UK plc will feel the squeeze, says RUTH SUNDERLAND

UK plc will feel the pressure: ultimately higher productivity and growth is the only way out, says RUTH SUNDERLAND

  • We should be concerned about British business
  • UK plc – as well as the government – is facing much higher levels of debt
  • The water industry, a traffic accident, and other companies with debts will come under pressure

When the bosses of the High Street mortgage lenders recently went to meet Jeremy Hunt, they went to great lengths to tell the Chancellor that millions of homebuyers are very concerned, but only a small percentage are really in trouble.

The banks believe that the majority of borrowers will be able to meet higher repayments, albeit with some painful sacrifices.

The current crop of chief executives was still young during the massive takeback crisis of the late 1980s and early 1990s. But their belief is that the same mistakes will not be repeated because they have the financial resources and the willingness to help families through it.

The banks also have much more advanced data analytics, giving them much better insight into their customers: lenders can alert them to those who get into trouble.

Most owner-occupiers are mortgage-free, and millions more have significant equity in their properties. Of those who do have a home loan with one leading institution, the average income is a healthy Β£75,000 a year. This confirms the government’s refusal to provide aid to taxpayers.

Feel the squeeze: UK plc – as well as the government – ​​is facing much higher levels of debt

That would amount to a subsidy that goes mostly to people who don’t really need it, which would be inflationary in itself. It would also fuel the post-Covid lifeboat mentality, where the government is expected to endorse any calamity.

Rate hikes are supposed to hurt, and if they don’t, they won’t work. That said, the outlook for households could worsen.

At the moment it seems that most people can take the price pain, but that scenario is based on unemployment remaining low. Will it though? Sectors such as leisure, restaurants and transport are likely to be affected by consumer tightening. Jobs could be lost in those sectors and others, such as agriculture.

If the unemployment rate rises from the current 3.8 percent to, say, 5 percent β€” still historically low β€” it would be a shock to the economy.

House prices have remained relatively robust, which has supported confidence.

The latest national figures show an annual decline of 3.5 percent in the year up to and including June.
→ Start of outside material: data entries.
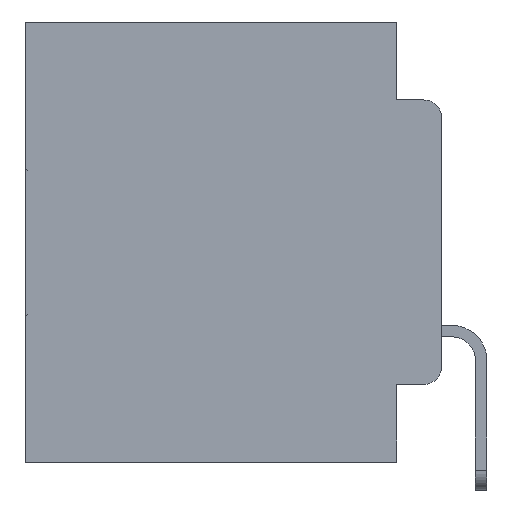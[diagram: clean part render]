
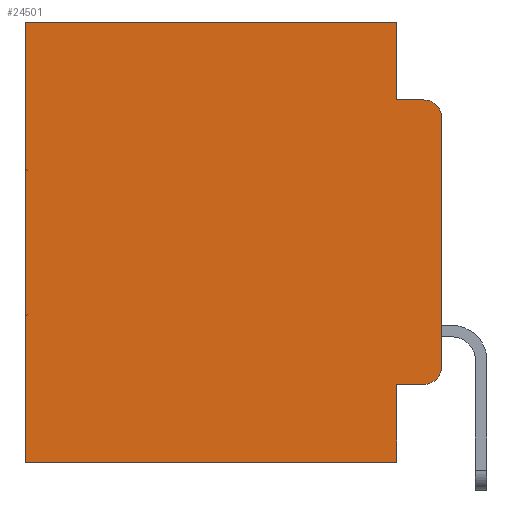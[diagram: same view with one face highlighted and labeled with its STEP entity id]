
A CAD part, left-side view. The second image highlights one B-rep face of the part: STEP entity #24501.
In plain terms, the highlighted planar face has unit normal (-1, 0, 0).
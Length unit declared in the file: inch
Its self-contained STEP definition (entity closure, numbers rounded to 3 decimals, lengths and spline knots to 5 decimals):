
#218 = VERTEX_POINT ( 'NONE', #25674 ) ;
#395 = ORIENTED_EDGE ( 'NONE', *, *, #31190, .T. ) ;
#917 = ORIENTED_EDGE ( 'NONE', *, *, #1913, .F. ) ;
#1913 = EDGE_CURVE ( 'NONE', #12299, #22366, #22583, .T. ) ;
#2809 = CARTESIAN_POINT ( 'NONE',  ( 0.298, 0.473, 0. ) ) ;
#3572 = ORIENTED_EDGE ( 'NONE', *, *, #9032, .T. ) ;
#3650 = CARTESIAN_POINT ( 'NONE',  ( 0.298, 0., -0.5 ) ) ;
#3674 = EDGE_CURVE ( 'NONE', #21039, #12299, #16716, .T. ) ;
#3960 = CARTESIAN_POINT ( 'NONE',  ( 0.298, 0.051, -0.5 ) ) ;
#4097 = ORIENTED_EDGE ( 'NONE', *, *, #3674, .F. ) ;
#4185 = ORIENTED_EDGE ( 'NONE', *, *, #27915, .T. ) ;
#4244 = LINE ( 'NONE', #29644, #28980 ) ;
#4953 = LINE ( 'NONE', #19136, #22897 ) ;
#5434 = ORIENTED_EDGE ( 'NONE', *, *, #21819, .T. ) ;
#5589 = CARTESIAN_POINT ( 'NONE',  ( 0.298, 0.051, -0.0885 ) ) ;
#6819 = ORIENTED_EDGE ( 'NONE', *, *, #12895, .F. ) ;
#7093 = CARTESIAN_POINT ( 'NONE',  ( 0.298, 0.02, -0.3915 ) ) ;
#8253 = LINE ( 'NONE', #2809, #20296 ) ;
#8846 = EDGE_LOOP ( 'NONE', ( #6819, #22990, #917, #4097, #395, #3572, #18075, #10520, #5434, #4185 ) ) ;
#8907 = DIRECTION ( 'NONE',  ( 0., 1., 0. ) ) ;
#9032 = EDGE_CURVE ( 'NONE', #30833, #218, #8253, .T. ) ;
#9357 = VERTEX_POINT ( 'NONE', #19081 ) ;
#9615 = DIRECTION ( 'NONE',  ( 0., 0., -1. ) ) ;
#9650 = DIRECTION ( 'NONE',  ( 0., 0., -1. ) ) ;
#9714 = CARTESIAN_POINT ( 'NONE',  ( 0.298, 0.051, -0.4115 ) ) ;
#10187 = VECTOR ( 'NONE', #13218, 39.37008 ) ;
#10520 = ORIENTED_EDGE ( 'NONE', *, *, #10673, .F. ) ;
#10673 = EDGE_CURVE ( 'NONE', #26597, #21784, #31080, .T. ) ;
#10727 = CARTESIAN_POINT ( 'NONE',  ( 0.298, 0., 0. ) ) ;
#10855 = DIRECTION ( 'NONE',  ( -1., 0., 0. ) ) ;
#11167 = AXIS2_PLACEMENT_3D ( 'NONE', #7093, #23895, #9650 ) ;
#11837 = CARTESIAN_POINT ( 'NONE',  ( 0.298, 0.02, -0.0885 ) ) ;
#12299 = VERTEX_POINT ( 'NONE', #5589 ) ;
#12895 = EDGE_CURVE ( 'NONE', #15095, #25877, #28412, .T. ) ;
#13218 = DIRECTION ( 'NONE',  ( 0., 0., -1. ) ) ;
#15095 = VERTEX_POINT ( 'NONE', #19941 ) ;
#16221 = EDGE_CURVE ( 'NONE', #15095, #22366, #16773, .T. ) ;
#16392 = VECTOR ( 'NONE', #8907, 39.37008 ) ;
#16716 = LINE ( 'NONE', #29400, #10187 ) ;
#16773 = CIRCLE ( 'NONE', #25864, 0.02 ) ;
#17139 = LINE ( 'NONE', #3650, #16392 ) ;
#17395 = EDGE_CURVE ( 'NONE', #21784, #218, #17139, .T. ) ;
#17521 = DIRECTION ( 'NONE',  ( 0., -1., 0. ) ) ;
#18075 = ORIENTED_EDGE ( 'NONE', *, *, #17395, .F. ) ;
#19081 = CARTESIAN_POINT ( 'NONE',  ( 0.298, 0.02, -0.4115 ) ) ;
#19136 = CARTESIAN_POINT ( 'NONE',  ( 0.298, 0.051, -0.4115 ) ) ;
#19941 = CARTESIAN_POINT ( 'NONE',  ( 0.298, 0., -0.1085 ) ) ;
#20140 = CARTESIAN_POINT ( 'NONE',  ( 0.298, 0.051, 0. ) ) ;
#20205 = DIRECTION ( 'NONE',  ( 0., 0., -1. ) ) ;
#20296 = VECTOR ( 'NONE', #20205, 39.37008 ) ;
#20513 = CARTESIAN_POINT ( 'NONE',  ( 0.298, 0.051, -0.0885 ) ) ;
#21039 = VERTEX_POINT ( 'NONE', #21044 ) ;
#21044 = CARTESIAN_POINT ( 'NONE',  ( 0.298, 0.051, 0. ) ) ;
#21425 = CARTESIAN_POINT ( 'NONE',  ( 0.298, 0., -0.3915 ) ) ;
#21492 = PLANE ( 'NONE',  #26162 ) ;
#21672 = CARTESIAN_POINT ( 'NONE',  ( 0.298, 0.473, 0. ) ) ;
#21784 = VERTEX_POINT ( 'NONE', #3960 ) ;
#21819 = EDGE_CURVE ( 'NONE', #26597, #9357, #4953, .T. ) ;
#21829 = VECTOR ( 'NONE', #17521, 39.37008 ) ;
#22366 = VERTEX_POINT ( 'NONE', #11837 ) ;
#22422 = DIRECTION ( 'NONE',  ( 0., 0., -1. ) ) ;
#22583 = LINE ( 'NONE', #20513, #21829 ) ;
#22897 = VECTOR ( 'NONE', #28173, 39.37008 ) ;
#22990 = ORIENTED_EDGE ( 'NONE', *, *, #16221, .T. ) ;
#23135 = VECTOR ( 'NONE', #24901, 39.37008 ) ;
#23151 = CIRCLE ( 'NONE', #11167, 0.02 ) ;
#23858 = DIRECTION ( 'NONE',  ( 1., 0., 0. ) ) ;
#23895 = DIRECTION ( 'NONE',  ( -1., 0., 0. ) ) ;
#24501 = ADVANCED_FACE ( 'NONE', ( #25914 ), #21492, .F. ) ;
#24534 = VECTOR ( 'NONE', #22422, 39.37008 ) ;
#24901 = DIRECTION ( 'NONE',  ( 0., 0., -1. ) ) ;
#25033 = CARTESIAN_POINT ( 'NONE',  ( 0.298, 0.02, -0.1085 ) ) ;
#25674 = CARTESIAN_POINT ( 'NONE',  ( 0.298, 0.473, -0.5 ) ) ;
#25864 = AXIS2_PLACEMENT_3D ( 'NONE', #25033, #10855, #27258 ) ;
#25877 = VERTEX_POINT ( 'NONE', #21425 ) ;
#25914 = FACE_OUTER_BOUND ( 'NONE', #8846, .T. ) ;
#26162 = AXIS2_PLACEMENT_3D ( 'NONE', #28258, #23858, #9615 ) ;
#26597 = VERTEX_POINT ( 'NONE', #9714 ) ;
#27258 = DIRECTION ( 'NONE',  ( 0., 0., -1. ) ) ;
#27431 = DIRECTION ( 'NONE',  ( 0., 1., 0. ) ) ;
#27915 = EDGE_CURVE ( 'NONE', #9357, #25877, #23151, .T. ) ;
#28173 = DIRECTION ( 'NONE',  ( 0., -1., 0. ) ) ;
#28258 = CARTESIAN_POINT ( 'NONE',  ( 0.298, 0., 0. ) ) ;
#28412 = LINE ( 'NONE', #10727, #23135 ) ;
#28980 = VECTOR ( 'NONE', #27431, 39.37008 ) ;
#29400 = CARTESIAN_POINT ( 'NONE',  ( 0.298, 0.051, 0. ) ) ;
#29644 = CARTESIAN_POINT ( 'NONE',  ( 0.298, 0., 0. ) ) ;
#30833 = VERTEX_POINT ( 'NONE', #21672 ) ;
#31080 = LINE ( 'NONE', #20140, #24534 ) ;
#31190 = EDGE_CURVE ( 'NONE', #21039, #30833, #4244, .T. ) ;
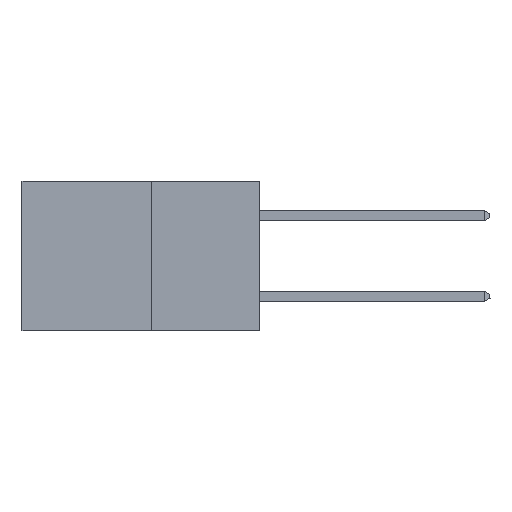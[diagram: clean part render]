
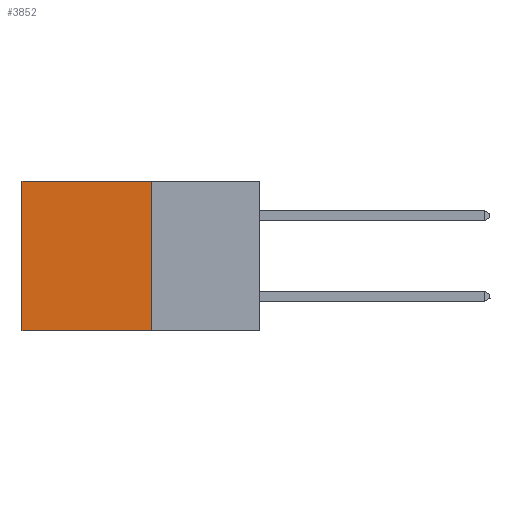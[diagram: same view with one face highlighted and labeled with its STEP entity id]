
A CAD part, left-side view. The second image highlights one B-rep face of the part: STEP entity #3852.
In plain terms, the highlighted planar face has unit normal (-1, 0, 0).
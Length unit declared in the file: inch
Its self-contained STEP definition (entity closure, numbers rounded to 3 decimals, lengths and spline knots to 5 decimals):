
#117 = CARTESIAN_POINT ( 'NONE',  ( 0.277, 0.27, -0.37 ) ) ;
#170 = DIRECTION ( 'NONE',  ( 1., 0., 0. ) ) ;
#200 = PLANE ( 'NONE',  #1052 ) ;
#340 = ORIENTED_EDGE ( 'NONE', *, *, #1684, .F. ) ;
#1052 = AXIS2_PLACEMENT_3D ( 'NONE', #117, #170, #2292 ) ;
#1219 = CARTESIAN_POINT ( 'NONE',  ( 0.277, 0.27, -0.37 ) ) ;
#1265 = VERTEX_POINT ( 'NONE', #10425 ) ;
#1329 = CARTESIAN_POINT ( 'NONE',  ( 0.277, 0.59, 0. ) ) ;
#1471 = VERTEX_POINT ( 'NONE', #10638 ) ;
#1684 = EDGE_CURVE ( 'NONE', #1471, #1265, #6627, .T. ) ;
#2292 = DIRECTION ( 'NONE',  ( 0., 0., -1. ) ) ;
#2712 = LINE ( 'NONE', #10725, #5836 ) ;
#2727 = VECTOR ( 'NONE', #3124, 39.37008 ) ;
#3121 = EDGE_CURVE ( 'NONE', #6799, #1265, #9035, .T. ) ;
#3124 = DIRECTION ( 'NONE',  ( 0., 0., -1. ) ) ;
#3852 = ADVANCED_FACE ( 'NONE', ( #14337 ), #200, .F. ) ;
#4748 = DIRECTION ( 'NONE',  ( 0., 1., 0. ) ) ;
#5115 = CARTESIAN_POINT ( 'NONE',  ( 0.277, 0.59, -0.37 ) ) ;
#5616 = EDGE_CURVE ( 'NONE', #6278, #1471, #9507, .T. ) ;
#5836 = VECTOR ( 'NONE', #4748, 39.37008 ) ;
#5944 = VECTOR ( 'NONE', #10882, 39.37008 ) ;
#6234 = ORIENTED_EDGE ( 'NONE', *, *, #3121, .T. ) ;
#6278 = VERTEX_POINT ( 'NONE', #7832 ) ;
#6627 = LINE ( 'NONE', #1219, #7002 ) ;
#6799 = VERTEX_POINT ( 'NONE', #1329 ) ;
#7002 = VECTOR ( 'NONE', #14807, 39.37008 ) ;
#7832 = CARTESIAN_POINT ( 'NONE',  ( 0.277, 0.27, 0. ) ) ;
#8331 = EDGE_LOOP ( 'NONE', ( #6234, #340, #10174, #10550 ) ) ;
#9035 = LINE ( 'NONE', #5115, #2727 ) ;
#9507 = LINE ( 'NONE', #10860, #5944 ) ;
#10174 = ORIENTED_EDGE ( 'NONE', *, *, #5616, .F. ) ;
#10425 = CARTESIAN_POINT ( 'NONE',  ( 0.277, 0.59, -0.37 ) ) ;
#10550 = ORIENTED_EDGE ( 'NONE', *, *, #12487, .T. ) ;
#10638 = CARTESIAN_POINT ( 'NONE',  ( 0.277, 0.27, -0.37 ) ) ;
#10725 = CARTESIAN_POINT ( 'NONE',  ( 0.277, 0.27, 0. ) ) ;
#10860 = CARTESIAN_POINT ( 'NONE',  ( 0.277, 0.27, -0.37 ) ) ;
#10882 = DIRECTION ( 'NONE',  ( 0., 0., -1. ) ) ;
#12487 = EDGE_CURVE ( 'NONE', #6278, #6799, #2712, .T. ) ;
#14337 = FACE_OUTER_BOUND ( 'NONE', #8331, .T. ) ;
#14807 = DIRECTION ( 'NONE',  ( 0., 1., 0. ) ) ;

The decline would accelerate as unemployment picks up.

We also have to worry about British business. UK plc – as well as the government – ​​is also facing much higher levels of debt. The water industry has been a very public victim and other heavily indebted companies will come under pressure.

There will be furrowed eyebrows for entrepreneurs running small businesses who had to borrow through Covid, then faced monstrous utility bills and now rising rates.

Even in the absence of large-scale failures, this is not a favorable environment for companies to invest.

The UK compares unfavorably to the US as an investment destination, where money is pouring in thanks to President Biden’s Inflation Reduction Act.

The latest UK business investment figures for the first quarter are even better than expected with an increase of 3.3 percent.

This is partly due to projects being brought forward to take advantage of tax benefits. All in all, the trend has been weak for years.

The government should support industries where we have the scope to excel. It should also partner with companies such as Centrica, which wants to invest Β£2bn in a hydrogen storage facility that could make the UK a world leader if ministers provide a sensible regulatory framework.

Ultimately, higher productivity and growth is the only way out.